Wasn't aware that it would be a problem as Bumble Bee Gobys spawn in fresh water... He was the first fish i acquired along with the Cherry Barbs after cycling this tank a year ago. Unfortunately I do not own a brackish water tank or have space for more of his brethren in his current residence :/


----------



## solarz (Aug 31, 2010)

I too would like a pea puffer for my community tank. I have an abundance of MTS in that tank and I've read that pea puffers will eat them. I'd like to hear some opinions on whether this is a good idea or not.


----------



## kaitlyn19 (Nov 5, 2012)

solarz said:


> I too would like a pea puffer for my community tank. I have an abundance of MTS in that tank and I've read that pea puffers will eat them. I'd like to hear some opinions on whether this is a good idea or not.

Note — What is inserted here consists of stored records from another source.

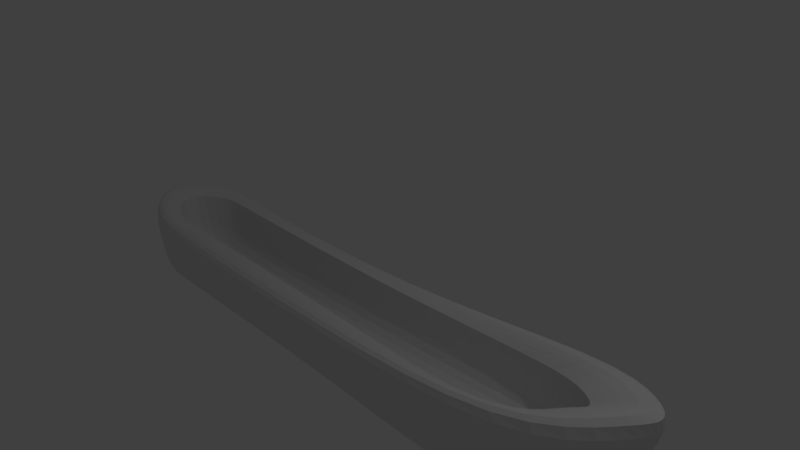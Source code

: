 # Source: smallBoat.blend  (saved by Blender 2.79.0; exported with 4.5.12 LTS)
import bpy
from mathutils import Matrix  # noqa: F401  (used for matrix-valued properties, if any)

bpy.ops.wm.read_factory_settings(use_empty=True)
scene = bpy.context.scene
scene.name = 'Scene'

# ---- collections
col_collection_1 = bpy.data.collections.new('Collection 1'); scene.collection.children.link(col_collection_1)

# ---- materials (node trees are filled in below, after node groups)
mat_material = bpy.data.materials.new('Material')
mat_material.alpha_threshold = 0.0
mat_material.use_transparent_shadow = False
mat_material.roughness = 0.5
mat_material.line_color = (0.0, 0.0, 0.0, 1.0)

# ---- material node trees

# ---- world
world_world = bpy.data.worlds.new('World'); scene.world = world_world
world_world.color = (0.05088, 0.05088, 0.05088)
world_world.use_sun_shadow = False
world_world.sun_shadow_jitter_overblur = 0.0
world_world.cycles.sampling_method = 'MANUAL'

# ---- cameras
cam_camera = bpy.data.cameras.new('Camera')
cam_camera.clip_end = 100.0
cam_camera.lens = 35.0
cam_camera.sensor_width = 32.0
cam_camera.sensor_height = 18.0
cam_camera.ortho_scale = 7.314
cam_camera.dof.focus_distance = 0.0
cam_camera.dof.aperture_fstop = 128.0

# ---- lights
light_lamp = bpy.data.lights.new('Lamp', 'POINT')
light_lamp.transmission_factor = 0.0
light_lamp.cutoff_distance = 30.0
light_lamp.energy = 100.0
light_lamp.shadow_buffer_clip_start = 1.001
light_lamp.shadow_soft_size = 0.1
light_lamp.shadow_maximum_resolution = 0.006
light_lamp.use_absolute_resolution = True

# ---- meshes
me_cube = bpy.data.meshes.new('Cube')
me_cube.from_pydata([(0.8201, 0.3328, -1.0), (0.8201, -0.3328, -1.0), (-0.9019, -0.8091, -1.0), (-0.9019, 0.8091, -1.0), (0.7548, 0.1523, 0.2949), (0.7548, -0.1523, 0.2949), (-0.9246, -0.467, 0.03764), (-0.9246, 0.467, 0.03764), (0.7389, 1.0, -1.0), (0.7389, -1.0, -1.0), (0.6025, 0.6271, 0.005689), (0.6025, -0.6271, 0.005689), (-0.8303, 0.8091, -1.0), (-0.8303, -0.8091, -1.0), (-0.8412, 0.4715, 0.005227), (-0.8412, -0.4715, 0.005227), (0.9073, 0.3328, -0.4359), (0.9073, -0.3328, -0.4359), (-0.9764, -0.8091, -0.4359), (-0.9764, 0.8091, -0.4359), (0.7389, 1.0, -0.4359), (0.7389, -1.0, -0.4359), (-0.8303, 0.8091, -0.4359), (-0.8303, -0.8091, -0.4359), (-0.001231, 0.8091, -1.0), (-0.001232, -0.8091, -1.0), (0.0267, 0.4715, -0.02947), (0.0267, -0.4715, -0.02947), (-0.001232, -0.8091, -0.4359), (-0.001231, 0.8091, -0.4359), (0.8201, -8.612e-08, -1.0), (-1.12, 2.98e-07, -1.0), (0.8033, -2.127e-07, 0.2848), (-1.071, 1.183e-07, 0.01109), (0.7389, 5.96e-08, -1.0), (0.6025, -0.6271, 0.005689), (-0.8303, 2.98e-07, -1.0), (-1.195, 2.384e-07, -0.4359), (0.9073, -1.258e-07, -0.4359), (-0.001231, 1.192e-07, -1.0), (1.059, -5.364e-07, 0.9198), (1.0, -0.2744, 0.9198), (-0.8303, 0.8091, 0.01409), (-1.0, 0.8091, 0.2225), (-0.8303, -0.8091, 0.01409), (-1.0, -0.8091, 0.2225), (-1.218, 1.788e-07, 0.2225), (1.0, 0.2744, 0.9198), (0.7389, 1.0, 0.495), (0.7389, -1.0, 0.495), (-0.001231, 0.8091, -0.05004), (-0.001232, -0.8091, -0.05004), (-0.8179, -2.857e-08, -0.801), (0.6025, -0.6271, 0.005689), (0.6149, -0.6271, -0.8094), (-0.8412, -0.4715, 0.005227), (0.6786, -6.246e-07, -0.6685), (0.0267, -0.4715, -0.02947), (0.6025, 0.6271, 0.005689), (-0.8412, 0.4715, 0.005227), (0.0267, 0.4715, -0.02947), (0.8033, -2.127e-07, 0.2848), (-1.071, 1.183e-07, 0.01109), (0.7548, -0.1523, 0.2949), (-0.9246, 0.467, 0.03764), (-0.9246, -0.467, 0.03764), (0.7548, 0.1523, 0.2949), (-0.8412, -0.4715, 0.005227), (0.0267, -0.4715, -0.02947), (0.6025, 0.6271, 0.005689), (-0.8412, 0.4715, 0.005227), (0.0267, 0.4715, -0.02947), (0.8033, -2.127e-07, 0.2848), (-1.071, 1.183e-07, 0.01109), (0.7548, -0.1523, 0.2949), (-0.9246, 0.467, 0.03764), (-0.9246, -0.467, 0.03764), (0.7548, 0.1523, 0.2949), (-0.8288, -0.4715, -0.8098), (0.01112, -3.266e-07, -0.8651), (0.03905, -0.4715, -0.8445), (0.6149, 0.6271, -0.8094), (-0.8288, 0.4715, -0.8098), (0.03905, 0.4715, -0.8445), (0.8157, -3.605e-07, -0.5302), (-1.059, -2.946e-08, -0.804), (0.7672, -0.1523, -0.5201), (-0.9122, 0.467, -0.7774), (-0.9122, -0.467, -0.7774), (0.7672, 0.1523, -0.5201)], [], [(36, 13, 2, 31), (26, 14, 59, 60), (38, 40, 41, 17), (23, 44, 45, 18), (37, 46, 43, 19), (22, 12, 3, 19), (16, 0, 8, 20), (17, 41, 49, 21), (27, 11, 53, 57), (30, 1, 9, 34), (29, 24, 12, 22), (28, 51, 44, 23), (6, 15, 55, 65), (39, 25, 13, 36), (25, 28, 23, 13), (50, 29, 22, 42), (1, 17, 21, 9), (47, 16, 20, 48), (42, 22, 19, 43), (31, 37, 19, 3), (13, 23, 18, 2), (30, 38, 17, 1), (48, 20, 29, 50), (9, 21, 28, 25), (34, 9, 25, 39), (11, 5, 63, 53), (21, 49, 51, 28), (20, 8, 24, 29), (10, 26, 60, 58), (8, 34, 39, 24), (0, 16, 38, 30), (2, 18, 37, 31), (24, 39, 36, 12), (14, 7, 64, 59), (0, 30, 34, 8), (33, 6, 65, 62), (18, 45, 46, 37), (16, 47, 40, 38), (4, 10, 58, 66), (12, 36, 31, 3), (32, 5, 41, 40), (7, 14, 42, 43), (15, 6, 45, 44), (33, 7, 43, 46), (10, 4, 47, 48), (5, 11, 49, 41), (14, 26, 50, 42), (27, 15, 44, 51), (26, 10, 48, 50), (11, 27, 51, 49), (4, 32, 40, 47), (6, 33, 46, 45), (60, 59, 70, 71), (57, 53, 35, 68), (65, 55, 67, 76), (53, 63, 74, 35), (58, 60, 71, 69), (59, 64, 75, 70), (62, 65, 76, 73), (66, 58, 69, 77), (7, 33, 62, 64), (32, 4, 66, 61), (5, 32, 61, 63), (15, 27, 57, 55), (68, 35, 54, 80), (76, 67, 78, 88), (35, 74, 86, 54), (69, 71, 83, 81), (70, 75, 87, 82), (73, 76, 88, 85), (77, 69, 81, 89), (67, 68, 80, 78), (64, 62, 73, 75), (61, 66, 77, 72), (63, 61, 72, 74), (55, 57, 68, 67), (52, 85, 88, 78), (84, 56, 54, 86), (79, 52, 78, 80), (56, 79, 80, 54), (81, 83, 79, 56), (83, 82, 52, 79), (89, 81, 56, 84), (82, 87, 85, 52), (71, 70, 82, 83), (75, 73, 85, 87), (72, 77, 89, 84), (74, 72, 84, 86)])
me_cube.materials.append(mat_material)
me_cube.use_remesh_preserve_volume = False
me_cube.use_remesh_preserve_attributes = False
me_cube.use_mirror_vertex_groups = False
me_cube.update()

# ---- objects
ob_cube = bpy.data.objects.new('Cube', me_cube)
ob_lamp = bpy.data.objects.new('Lamp', light_lamp)
ob_camera = bpy.data.objects.new('Camera', cam_camera)

# ---- transforms, parenting, visibility, modifiers, constraints
ob_cube.location = (0.0, 0.0, -0.7374)
ob_cube.scale = (4.41, 1.0, 1.0)
ob_cube.lock_rotations_4d = False
ob_cube.empty_display_type = 'ARROWS'
ob_cube.lineart.crease_threshold = 0.0
_m = ob_cube.modifiers.new('Subsurf', 'SUBSURF')
_m.uv_smooth = 'PRESERVE_CORNERS'
_m.quality = 2
_m.levels = 2
_m.show_only_control_edges = False
ob_lamp.location = (4.076, 1.005, 5.904)
ob_lamp.rotation_euler = (0.6503, 0.05522, 1.866)
ob_lamp.lock_rotations_4d = False
ob_lamp.empty_display_type = 'ARROWS'
ob_lamp.color = (0.0, 0.0, 0.0, 0.0)
ob_lamp.lineart.crease_threshold = 0.0
ob_camera.location = (7.481, -6.508, 5.344)
ob_camera.rotation_euler = (1.109, 0.0, 0.8149)
ob_camera.lock_rotations_4d = False
ob_camera.empty_display_type = 'ARROWS'
ob_camera.color = (0.0, 0.0, 0.0, 0.0)
ob_camera.display_type = 'WIRE'
ob_camera.lineart.crease_threshold = 0.0

# ---- collection membership
col_collection_1.objects.link(ob_cube)
col_collection_1.objects.link(ob_lamp)
col_collection_1.objects.link(ob_camera)

# ---- scene / render settings (as saved in the file)
scene.camera = ob_camera
scene.frame_start = 1; scene.frame_end = 250; scene.frame_set(3)
scene.render.engine = 'BLENDER_EEVEE_NEXT'
scene.render.resolution_percentage = 50
scene.render.dither_intensity = 0.0
scene.cycles.use_denoising = False
scene.cycles.samples = 128
scene.cycles.sampling_pattern = 'TABULATED_SOBOL'
scene.cycles.use_adaptive_sampling = False
scene.cycles.use_light_tree = False
scene.cycles.blur_glossy = 0.0
scene.cycles.sample_clamp_indirect = 0.0
scene.view_settings.view_transform = 'Standard'
bpy.context.view_layer.update()

Puffers LOVE to hunt. That puffer will eat those snails within a few days. He wont give up until they are all dead


----------



## Yann (Feb 16, 2013)

solarz said:


> I too would like a pea puffer for my community tank. I have an abundance of MTS in that tank and I've read that pea puffers will eat them. I'd like to hear some opinions on whether this is a good idea or not.


a couple assassin snails would do some damage too.


----------



## Modo (Oct 9, 2012)

I have one pea puffer in my planted community tank. It's not bothering any fish, except maybe some baby guppies and baby platies. I also have tons of nails in there. The puffer is always full and round.


----------